*Listed entries*.

Segment Open

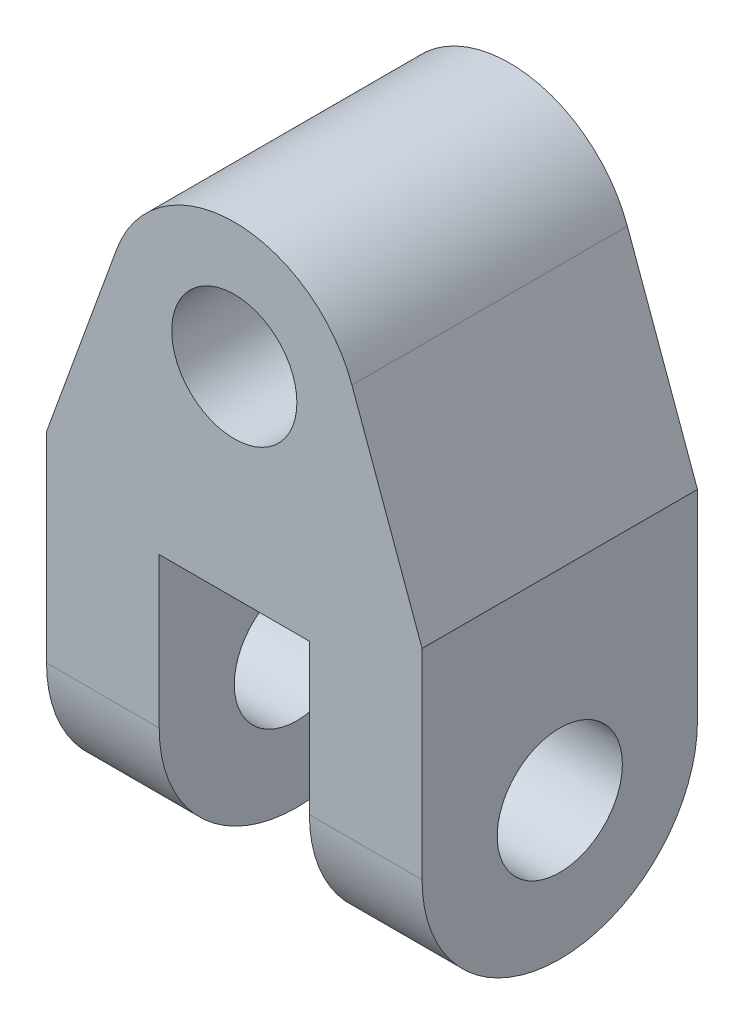
ISO-10303-21;
HEADER;
FILE_DESCRIPTION(('STEP AP214'),'2;1');
FILE_NAME('part.step','',(''),(''),'','','');
FILE_SCHEMA(('AUTOMOTIVE_DESIGN { 1 0 10303 214 1 1 1 1 }'));
ENDSEC;
DATA;
#1=APPLICATION_CONTEXT('core data for automotive mechanical design processes');
#2=APPLICATION_PROTOCOL_DEFINITION('international standard','automotive_design',2000,#1);
#3=PRODUCT_CONTEXT('',#1,'mechanical');
#4=PRODUCT('Part','Part','',(#3));
#5=PRODUCT_RELATED_PRODUCT_CATEGORY('part','',(#4));
#6=PRODUCT_DEFINITION_FORMATION('','',#4);
#7=PRODUCT_DEFINITION_CONTEXT('part definition',#1,'design');
#8=PRODUCT_DEFINITION('design','',#6,#7);
#9=PRODUCT_DEFINITION_SHAPE('','',#8);
#10=(LENGTH_UNIT() NAMED_UNIT(*) SI_UNIT(.MILLI.,.METRE.));
#11=(NAMED_UNIT(*) PLANE_ANGLE_UNIT() SI_UNIT($,.RADIAN.));
#12=(NAMED_UNIT(*) SI_UNIT($,.STERADIAN.) SOLID_ANGLE_UNIT());
#13=UNCERTAINTY_MEASURE_WITH_UNIT(LENGTH_MEASURE(1.E-05),#10,'distance_accuracy_value','');
#14=(GEOMETRIC_REPRESENTATION_CONTEXT(3) GLOBAL_UNCERTAINTY_ASSIGNED_CONTEXT((#13)) GLOBAL_UNIT_ASSIGNED_CONTEXT((#10,
#11,#12)) REPRESENTATION_CONTEXT('',''));
#15=CARTESIAN_POINT('',(0.,0.,0.));
#16=DIRECTION('',(0.,0.,1.));
#17=DIRECTION('',(1.,0.,0.));
#18=AXIS2_PLACEMENT_3D('',#15,#16,#17);
#19=CARTESIAN_POINT('',(-30000.,-24000.,44000.));
#20=DIRECTION('',(1.,0.,0.));
#21=DIRECTION('',(0.,1.,0.));
#22=AXIS2_PLACEMENT_3D('',#19,#20,#21);
#23=PLANE('',#22);
#24=CARTESIAN_POINT('',(-30000.,-56000.,22000.));
#25=DIRECTION('',(1.,0.,0.));
#26=DIRECTION('',(0.,0.,-1.));
#27=AXIS2_PLACEMENT_3D('',#24,#25,#26);
#28=CIRCLE('',#27,10000.);
#29=CARTESIAN_POINT('',(-30000.,-56000.,12000.));
#30=VERTEX_POINT('',#29);
#31=EDGE_CURVE('E207',#30,#30,#28,.T.);
#32=ORIENTED_EDGE('',*,*,#31,.T.);
#33=EDGE_LOOP('',(#32));
#34=FACE_BOUND('',#33,.T.);
#35=DIRECTION('',(0.,-1.,0.));
#36=VECTOR('',#35,1.);
#37=CARTESIAN_POINT('',(-30000.,-24000.,0.));
#38=LINE('',#37,#36);
#39=CARTESIAN_POINT('',(-30000.,-24000.,0.));
#40=VERTEX_POINT('',#39);
#41=CARTESIAN_POINT('',(-30000.,-56000.,0.));
#42=VERTEX_POINT('',#41);
#43=EDGE_CURVE('E140',#40,#42,#38,.T.);
#44=ORIENTED_EDGE('',*,*,#43,.T.);
#45=CARTESIAN_POINT('',(-30000.,-56000.,22000.));
#46=DIRECTION('',(1.,0.,0.));
#47=DIRECTION('',(0.,0.,-1.));
#48=AXIS2_PLACEMENT_3D('',#45,#46,#47);
#49=CIRCLE('',#48,22000.);
#50=CARTESIAN_POINT('',(-30000.,-56000.,44000.));
#51=VERTEX_POINT('',#50);
#52=EDGE_CURVE('E174',#51,#42,#49,.T.);
#53=ORIENTED_EDGE('',*,*,#52,.F.);
#54=DIRECTION('',(0.,-1.,0.));
#55=VECTOR('',#54,1.);
#56=CARTESIAN_POINT('',(-30000.,-24000.,44000.));
#57=LINE('',#56,#55);
#58=CARTESIAN_POINT('',(-30000.,-24000.,44000.));
#59=VERTEX_POINT('',#58);
#60=EDGE_CURVE('E225',#59,#51,#57,.T.);
#61=ORIENTED_EDGE('',*,*,#60,.F.);
#62=DIRECTION('',(0.,0.,-1.));
#63=VECTOR('',#62,1.);
#64=CARTESIAN_POINT('',(-30000.,-24000.,44000.));
#65=LINE('',#64,#63);
#66=EDGE_CURVE('E154',#59,#40,#65,.T.);
#67=ORIENTED_EDGE('',*,*,#66,.T.);
#68=EDGE_LOOP('',(#44,#53,#61,#67));
#69=FACE_BOUND('',#68,.T.);
#70=ADVANCED_FACE('F32',(#34,#69),#23,.F.);
#71=CARTESIAN_POINT('',(-12000.,-78000.,44000.));
#72=DIRECTION('',(-1.,0.,0.));
#73=DIRECTION('',(0.,0.,1.));
#74=AXIS2_PLACEMENT_3D('',#71,#72,#73);
#75=PLANE('',#74);
#76=CARTESIAN_POINT('',(-12000.,-56000.,22000.));
#77=DIRECTION('',(-1.,0.,0.));
#78=DIRECTION('',(0.,0.,1.));
#79=AXIS2_PLACEMENT_3D('',#76,#77,#78);
#80=CIRCLE('',#79,10000.);
#81=CARTESIAN_POINT('',(-12000.,-56000.,32000.));
#82=VERTEX_POINT('',#81);
#83=EDGE_CURVE('E215',#82,#82,#80,.T.);
#84=ORIENTED_EDGE('',*,*,#83,.T.);
#85=EDGE_LOOP('',(#84));
#86=FACE_BOUND('',#85,.T.);
#87=CARTESIAN_POINT('',(-12000.,-56000.,22000.));
#88=DIRECTION('',(-1.,0.,0.));
#89=DIRECTION('',(0.,0.,1.));
#90=AXIS2_PLACEMENT_3D('',#87,#88,#89);
#91=CIRCLE('',#90,22000.);
#92=CARTESIAN_POINT('',(-12000.,-56000.,0.));
#93=VERTEX_POINT('',#92);
#94=CARTESIAN_POINT('',(-12000.,-56000.,44000.));
#95=VERTEX_POINT('',#94);
#96=EDGE_CURVE('E191',#93,#95,#91,.T.);
#97=ORIENTED_EDGE('',*,*,#96,.F.);
#98=DIRECTION('',(0.,1.,0.));
#99=VECTOR('',#98,1.);
#100=CARTESIAN_POINT('',(-12000.,-78000.,0.));
#101=LINE('',#100,#99);
#102=CARTESIAN_POINT('',(-12000.,-32000.,0.));
#103=VERTEX_POINT('',#102);
#104=EDGE_CURVE('E143',#93,#103,#101,.T.);
#105=ORIENTED_EDGE('',*,*,#104,.T.);
#106=DIRECTION('',(0.,0.,-1.));
#107=VECTOR('',#106,1.);
#108=CARTESIAN_POINT('',(-12000.,-32000.,44000.));
#109=LINE('',#108,#107);
#110=CARTESIAN_POINT('',(-12000.,-32000.,44000.));
#111=VERTEX_POINT('',#110);
#112=EDGE_CURVE('E120',#111,#103,#109,.T.);
#113=ORIENTED_EDGE('',*,*,#112,.F.);
#114=DIRECTION('',(0.,1.,0.));
#115=VECTOR('',#114,1.);
#116=CARTESIAN_POINT('',(-12000.,-78000.,44000.));
#117=LINE('',#116,#115);
#118=EDGE_CURVE('E107',#95,#111,#117,.T.);
#119=ORIENTED_EDGE('',*,*,#118,.F.);
#120=EDGE_LOOP('',(#97,#105,#113,#119));
#121=FACE_BOUND('',#120,.T.);
#122=ADVANCED_FACE('F227',(#86,#121),#75,.F.);
#123=CARTESIAN_POINT('',(12000.,-32000.,44000.));
#124=DIRECTION('',(1.,0.,0.));
#125=DIRECTION('',(0.,1.,0.));
#126=AXIS2_PLACEMENT_3D('',#123,#124,#125);
#127=PLANE('',#126);
#128=CARTESIAN_POINT('',(12000.,-56000.,22000.));
#129=DIRECTION('',(1.,0.,0.));
#130=DIRECTION('',(0.,1.,0.));
#131=AXIS2_PLACEMENT_3D('',#128,#129,#130);
#132=CIRCLE('',#131,10000.);
#133=CARTESIAN_POINT('',(12000.,-46000.,22000.));
#134=VERTEX_POINT('',#133);
#135=EDGE_CURVE('E210',#134,#134,#132,.T.);
#136=ORIENTED_EDGE('',*,*,#135,.T.);
#137=EDGE_LOOP('',(#136));
#138=FACE_BOUND('',#137,.T.);
#139=DIRECTION('',(0.,-1.,0.));
#140=VECTOR('',#139,1.);
#141=CARTESIAN_POINT('',(12000.,-32000.,0.));
#142=LINE('',#141,#140);
#143=CARTESIAN_POINT('',(12000.,-32000.,0.));
#144=VERTEX_POINT('',#143);
#145=CARTESIAN_POINT('',(12000.,-56000.,0.));
#146=VERTEX_POINT('',#145);
#147=EDGE_CURVE('E146',#144,#146,#142,.T.);
#148=ORIENTED_EDGE('',*,*,#147,.T.);
#149=CARTESIAN_POINT('',(12000.,-56000.,22000.));
#150=DIRECTION('',(1.,0.,0.));
#151=DIRECTION('',(0.,1.,0.));
#152=AXIS2_PLACEMENT_3D('',#149,#150,#151);
#153=CIRCLE('',#152,22000.);
#154=CARTESIAN_POINT('',(12000.,-56000.,44000.));
#155=VERTEX_POINT('',#154);
#156=EDGE_CURVE('E126',#155,#146,#153,.T.);
#157=ORIENTED_EDGE('',*,*,#156,.F.);
#158=DIRECTION('',(0.,-1.,0.));
#159=VECTOR('',#158,1.);
#160=CARTESIAN_POINT('',(12000.,-32000.,44000.));
#161=LINE('',#160,#159);
#162=CARTESIAN_POINT('',(12000.,-32000.,44000.));
#163=VERTEX_POINT('',#162);
#164=EDGE_CURVE('E104',#163,#155,#161,.T.);
#165=ORIENTED_EDGE('',*,*,#164,.F.);
#166=DIRECTION('',(0.,0.,-1.));
#167=VECTOR('',#166,1.);
#168=CARTESIAN_POINT('',(12000.,-32000.,44000.));
#169=LINE('',#168,#167);
#170=EDGE_CURVE('E113',#163,#144,#169,.T.);
#171=ORIENTED_EDGE('',*,*,#170,.T.);
#172=EDGE_LOOP('',(#148,#157,#165,#171));
#173=FACE_BOUND('',#172,.T.);
#174=ADVANCED_FACE('F124',(#138,#173),#127,.F.);
#175=CARTESIAN_POINT('',(30000.,-78000.,44000.));
#176=DIRECTION('',(-1.,0.,0.));
#177=DIRECTION('',(0.,0.,1.));
#178=AXIS2_PLACEMENT_3D('',#175,#176,#177);
#179=PLANE('',#178);
#180=CARTESIAN_POINT('',(30000.,-56000.,22000.));
#181=DIRECTION('',(1.,0.,0.));
#182=DIRECTION('',(0.,0.,-1.));
#183=AXIS2_PLACEMENT_3D('',#180,#181,#182);
#184=CIRCLE('',#183,10000.);
#185=CARTESIAN_POINT('',(30000.,-56000.,12000.));
#186=VERTEX_POINT('',#185);
#187=EDGE_CURVE('E206',#186,#186,#184,.T.);
#188=ORIENTED_EDGE('',*,*,#187,.F.);
#189=EDGE_LOOP('',(#188));
#190=FACE_BOUND('',#189,.T.);
#191=CARTESIAN_POINT('',(30000.,-56000.,22000.));
#192=DIRECTION('',(1.,0.,0.));
#193=DIRECTION('',(0.,0.,-1.));
#194=AXIS2_PLACEMENT_3D('',#191,#192,#193);
#195=CIRCLE('',#194,22000.);
#196=CARTESIAN_POINT('',(30000.,-56000.,44000.));
#197=VERTEX_POINT('',#196);
#198=CARTESIAN_POINT('',(30000.,-56000.,0.));
#199=VERTEX_POINT('',#198);
#200=EDGE_CURVE('E197',#197,#199,#195,.T.);
#201=ORIENTED_EDGE('',*,*,#200,.T.);
#202=DIRECTION('',(0.,1.,0.));
#203=VECTOR('',#202,1.);
#204=CARTESIAN_POINT('',(30000.,-78000.,0.));
#205=LINE('',#204,#203);
#206=CARTESIAN_POINT('',(30000.,-24000.,0.));
#207=VERTEX_POINT('',#206);
#208=EDGE_CURVE('E73',#199,#207,#205,.T.);
#209=ORIENTED_EDGE('',*,*,#208,.T.);
#210=DIRECTION('',(0.,0.,-1.));
#211=VECTOR('',#210,1.);
#212=CARTESIAN_POINT('',(30000.,-24000.,44000.));
#213=LINE('',#212,#211);
#214=CARTESIAN_POINT('',(30000.,-24000.,44000.));
#215=VERTEX_POINT('',#214);
#216=EDGE_CURVE('E121',#215,#207,#213,.T.);
#217=ORIENTED_EDGE('',*,*,#216,.F.);
#218=DIRECTION('',(0.,1.,0.));
#219=VECTOR('',#218,1.);
#220=CARTESIAN_POINT('',(30000.,-78000.,44000.));
#221=LINE('',#220,#219);
#222=EDGE_CURVE('E127',#197,#215,#221,.T.);
#223=ORIENTED_EDGE('',*,*,#222,.F.);
#224=EDGE_LOOP('',(#201,#209,#217,#223));
#225=FACE_BOUND('',#224,.T.);
#226=ADVANCED_FACE('F230',(#190,#225),#179,.F.);
#227=CARTESIAN_POINT('',(0.,0.,0.));
#228=DIRECTION('',(0.,0.,1.));
#229=DIRECTION('',(1.,0.,0.));
#230=AXIS2_PLACEMENT_3D('',#227,#228,#229);
#231=PLANE('',#230);
#232=CARTESIAN_POINT('',(0.,0.,0.));
#233=DIRECTION('',(0.,0.,1.));
#234=DIRECTION('',(1.,0.,0.));
#235=AXIS2_PLACEMENT_3D('',#232,#233,#234);
#236=CIRCLE('',#235,10000.);
#237=CARTESIAN_POINT('',(10000.,0.,0.));
#238=VERTEX_POINT('',#237);
#239=EDGE_CURVE('E218',#238,#238,#236,.T.);
#240=ORIENTED_EDGE('',*,*,#239,.T.);
#241=EDGE_LOOP('',(#240));
#242=FACE_BOUND('',#241,.T.);
#243=DIRECTION('',(1.,0.,0.));
#244=VECTOR('',#243,1.);
#245=CARTESIAN_POINT('',(-30000.,-56000.,0.));
#246=LINE('',#245,#244);
#247=EDGE_CURVE('E168',#42,#93,#246,.T.);
#248=ORIENTED_EDGE('',*,*,#247,.F.);
#249=ORIENTED_EDGE('',*,*,#43,.F.);
#250=DIRECTION('',(-0.34151298645759,-0.939877055832739,0.));
#251=VECTOR('',#250,1.);
#252=CARTESIAN_POINT('',(-18797.5411166548,6830.25972915181,0.));
#253=LINE('',#252,#251);
#254=CARTESIAN_POINT('',(-18797.5411166548,6830.25972915181,0.));
#255=VERTEX_POINT('',#254);
#256=EDGE_CURVE('E137',#255,#40,#253,.T.);
#257=ORIENTED_EDGE('',*,*,#256,.F.);
#258=CARTESIAN_POINT('',(0.,0.,0.));
#259=DIRECTION('',(0.,0.,1.));
#260=DIRECTION('',(1.,0.,0.));
#261=AXIS2_PLACEMENT_3D('',#258,#259,#260);
#262=CIRCLE('',#261,20000.);
#263=CARTESIAN_POINT('',(18797.5411166548,6830.25972915182,0.));
#264=VERTEX_POINT('',#263);
#265=EDGE_CURVE('E134',#264,#255,#262,.T.);
#266=ORIENTED_EDGE('',*,*,#265,.F.);
#267=DIRECTION('',(-0.341512986457591,0.939877055832739,0.));
#268=VECTOR('',#267,1.);
#269=CARTESIAN_POINT('',(18797.5411166548,6830.25972915182,0.));
#270=LINE('',#269,#268);
#271=EDGE_CURVE('E79',#207,#264,#270,.T.);
#272=ORIENTED_EDGE('',*,*,#271,.F.);
#273=ORIENTED_EDGE('',*,*,#208,.F.);
#274=DIRECTION('',(1.,0.,0.));
#275=VECTOR('',#274,1.);
#276=CARTESIAN_POINT('',(-30000.,-56000.,0.));
#277=LINE('',#276,#275);
#278=EDGE_CURVE('E11',#146,#199,#277,.T.);
#279=ORIENTED_EDGE('',*,*,#278,.F.);
#280=ORIENTED_EDGE('',*,*,#147,.F.);
#281=DIRECTION('',(1.,0.,0.));
#282=VECTOR('',#281,1.);
#283=CARTESIAN_POINT('',(-12000.,-32000.,0.));
#284=LINE('',#283,#282);
#285=EDGE_CURVE('E116',#103,#144,#284,.T.);
#286=ORIENTED_EDGE('',*,*,#285,.F.);
#287=ORIENTED_EDGE('',*,*,#104,.F.);
#288=EDGE_LOOP('',(#248,#249,#257,#266,#272,#273,#279,#280,#286,#287));
#289=FACE_BOUND('',#288,.T.);
#290=ADVANCED_FACE('F163',(#242,#289),#231,.F.);
#291=CARTESIAN_POINT('',(0.,0.,44000.));
#292=DIRECTION('',(0.,0.,1.));
#293=DIRECTION('',(1.,0.,0.));
#294=AXIS2_PLACEMENT_3D('',#291,#292,#293);
#295=PLANE('',#294);
#296=CARTESIAN_POINT('',(0.,0.,44000.));
#297=DIRECTION('',(0.,0.,1.));
#298=DIRECTION('',(1.,0.,0.));
#299=AXIS2_PLACEMENT_3D('',#296,#297,#298);
#300=CIRCLE('',#299,10000.);
#301=CARTESIAN_POINT('',(10000.,0.,44000.));
#302=VERTEX_POINT('',#301);
#303=EDGE_CURVE('E138',#302,#302,#300,.T.);
#304=ORIENTED_EDGE('',*,*,#303,.F.);
#305=EDGE_LOOP('',(#304));
#306=FACE_BOUND('',#305,.T.);
#307=ORIENTED_EDGE('',*,*,#60,.T.);
#308=DIRECTION('',(1.,0.,0.));
#309=VECTOR('',#308,1.);
#310=CARTESIAN_POINT('',(-30000.,-56000.,44000.));
#311=LINE('',#310,#309);
#312=EDGE_CURVE('E199',#51,#95,#311,.T.);
#313=ORIENTED_EDGE('',*,*,#312,.T.);
#314=ORIENTED_EDGE('',*,*,#118,.T.);
#315=DIRECTION('',(1.,0.,0.));
#316=VECTOR('',#315,1.);
#317=CARTESIAN_POINT('',(-12000.,-32000.,44000.));
#318=LINE('',#317,#316);
#319=EDGE_CURVE('E98',#111,#163,#318,.T.);
#320=ORIENTED_EDGE('',*,*,#319,.T.);
#321=ORIENTED_EDGE('',*,*,#164,.T.);
#322=EDGE_CURVE('E194',#155,#197,#311,.T.);
#323=ORIENTED_EDGE('',*,*,#322,.T.);
#324=ORIENTED_EDGE('',*,*,#222,.T.);
#325=DIRECTION('',(-0.341512986457591,0.939877055832739,0.));
#326=VECTOR('',#325,1.);
#327=CARTESIAN_POINT('',(18797.5411166548,6830.25972915182,44000.));
#328=LINE('',#327,#326);
#329=CARTESIAN_POINT('',(18797.5411166548,6830.25972915182,44000.));
#330=VERTEX_POINT('',#329);
#331=EDGE_CURVE('E49',#215,#330,#328,.T.);
#332=ORIENTED_EDGE('',*,*,#331,.T.);
#333=CARTESIAN_POINT('',(0.,0.,44000.));
#334=DIRECTION('',(0.,0.,1.));
#335=DIRECTION('',(1.,0.,0.));
#336=AXIS2_PLACEMENT_3D('',#333,#334,#335);
#337=CIRCLE('',#336,20000.);
#338=CARTESIAN_POINT('',(-18797.5411166548,6830.25972915181,44000.));
#339=VERTEX_POINT('',#338);
#340=EDGE_CURVE('E150',#330,#339,#337,.T.);
#341=ORIENTED_EDGE('',*,*,#340,.T.);
#342=DIRECTION('',(-0.34151298645759,-0.939877055832739,0.));
#343=VECTOR('',#342,1.);
#344=CARTESIAN_POINT('',(-18797.5411166548,6830.25972915181,44000.));
#345=LINE('',#344,#343);
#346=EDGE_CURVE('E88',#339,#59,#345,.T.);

Segment Closed

*About this exercise*. Copy every line of the records above that holds the word "CIRCLE".

*Solved exercise*.
#28=CIRCLE('',#27,10000.);
#49=CIRCLE('',#48,22000.);
#80=CIRCLE('',#79,10000.);
#91=CIRCLE('',#90,22000.);
#132=CIRCLE('',#131,10000.);
#153=CIRCLE('',#152,22000.);
#184=CIRCLE('',#183,10000.);
#195=CIRCLE('',#194,22000.);
#236=CIRCLE('',#235,10000.);
#262=CIRCLE('',#261,20000.);
#300=CIRCLE('',#299,10000.);
#337=CIRCLE('',#336,20000.);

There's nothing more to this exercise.